1,5-Pentanediol (1,5-PDO) is a high-value chemical with broad uses in polymer, cosmetic, and pharmaceutical industries. Although diverse biosynthetic pathways have been constructed, current recombinant strains typically rely on plasmid-based overexpression, which necessitates antibiotics and hinders industrial-scale production.

Results

We developed a robust, plasmid-free Escherichia coli platform for de novo 1,5-PDO synthesis by integrating pathway genes (davB, davA, gabT, yahK, car, sfp and yqhD) into the chromosome of a lysine-hyperproducing strain via CRISPR/Cas9. Screening of carboxylic acid reductases identified Nocardia iowensis CAR-Ni as the most effective, yielding a base strain (D13) that produced 0.672 g/L 1,5-PDO. Integrated analysis confirmed the alcohol dehydrogenase (ADH)-mediated reduction of 5-hydroxypentanal (5-HP) as an underappreciated bottleneck.
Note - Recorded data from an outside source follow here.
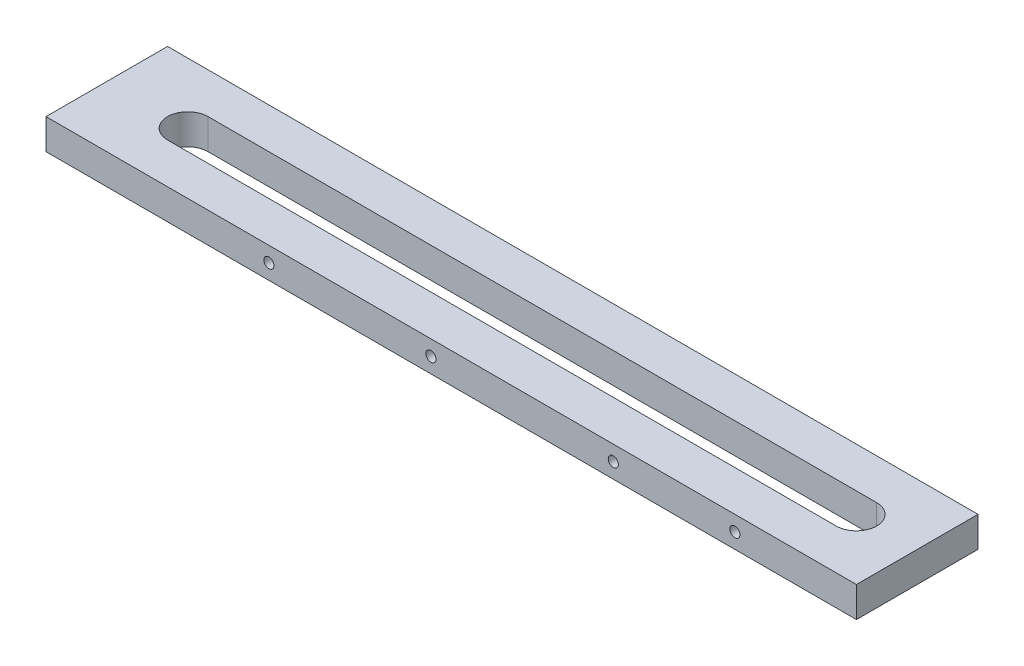
SolidWorks part; units mm, degrees
material "Oak"
ref_plane "Front Plane" through (0, 0, 0) normal (0, 0, 1) x (1, 0, 0)
ref_plane "Top Plane" through (0, 0, 0) normal (0, 1, 0) x (1, 0, 0)
ref_plane "Right Plane" through (0, 0, 0) normal (1, 0, 0) x (0, 0, -1)
other "Configuration Table"
sketch "Sketch1" plane through (0, 0, 0) normal (0, 1, 0) x (1, 0, 0)
  line L1 (-254, 38.1) -> (254, 38.1)
  line L2 (-254, 38.1) -> (-254, -38.1)
  line L3 (-254, -38.1) -> (254, -38.1)
  line L4 (254, 38.1) -> (254, -38.1)
  line L5 (-254, 38.1) -> (254, -38.1) construction
  line L6 (-254, -38.1) -> (254, 38.1) construction
  point P0 (0, 0)
  dimension "D1" = 508
  dimension "D2" = 76.2
extrude "Boss-Extrude1" add sketch "Sketch1" along normal blind 19.05
sketch "Sketch3" plane through (0, 19.05, 0) normal (0, 1, 0) x (1, 0, 0)
  line L0 (-203.2, 0) -> (215.9, 0) construction
  line L1 (-203.2, 12.7) -> (215.9, 12.7)
  line L2 (-203.2, -12.7) -> (215.9, -12.7)
  line L3 (254, -38.1) -> (254, 38.1) construction
  arc A0 (-203.2, 12.7) -> (-203.2, -12.7) centre (-203.2, 0) ccw
  arc A1 (215.9, -12.7) -> (215.9, 12.7) centre (215.9, 0) ccw
  point P3 (6.35, 0)
  dimension "D3" = 12.7
  dimension "D1" = 419.1
  dimension "D2" = 38.1
extrude "Cut-Extrude1" cut sketch "Sketch3" against normal through all
sketch "Sketch5" plane through (0, 0, 38.1) normal (0, 0, 1) x (1, 0, 0)
  line L0 (-190.5, 43.6178) -> (-190.5, -18.6873) construction
  line L1 (-254, 19.05) -> (-254, 0) construction
  line L2 (254, 19.05) -> (254, 0) construction
  line L3 (-254, 19.05) -> (254, 19.05) construction
  circle A0 centre (-114.3, 9.525) radius 3.175
  circle A1 centre (-12.7, 9.525) radius 3.175
  circle A2 centre (101.6, 9.525) radius 3.175
  circle A3 centre (177.8, 9.525) radius 3.175
  dimension "D2" = 6.35
  dimension "D1" = 63.5
  dimension "D3" = 76.2
  dimension "D4" = 76.2
  dimension "D5" = 101.6
  dimension "D6" = 114.3
  dimension "D7" = 76.2
  dimension "D8" = 9.525
  dimension "D9" = 9.525
  dimension "D10" = 9.525
extrude "Cut-Extrude3" cut sketch "Sketch5" against normal blind 12.7

We subsequently screened ten endogenous ADHs and selected YjgB for computational optimization. Docking-guided saturation mutagenesis at position E205 yielded the variant YjgB(E205C), which exhibited a 3.34-fold increase in in vitro activity, reduced 5-HP accumulation, and elevated the titer to 0.935 g/L. Enhancing NADPH supply by integrating pntAB further raised the shake-flask titer to 1.5 g/L. In a 5-L fed-batch bioreactor, the final strain (D91) achieved 12.1 g/L 1,5-PDO (yield of 0.225 mol/mol glucose) without antibiotics or inducers. To our knowledge, this is the highest reported 1,5-PDO titer in E. coli.

Conclusion

This study establishes a scalable, sustainable biosynthetic platform through synergistic metabolic engineering and computational enzyme optimization.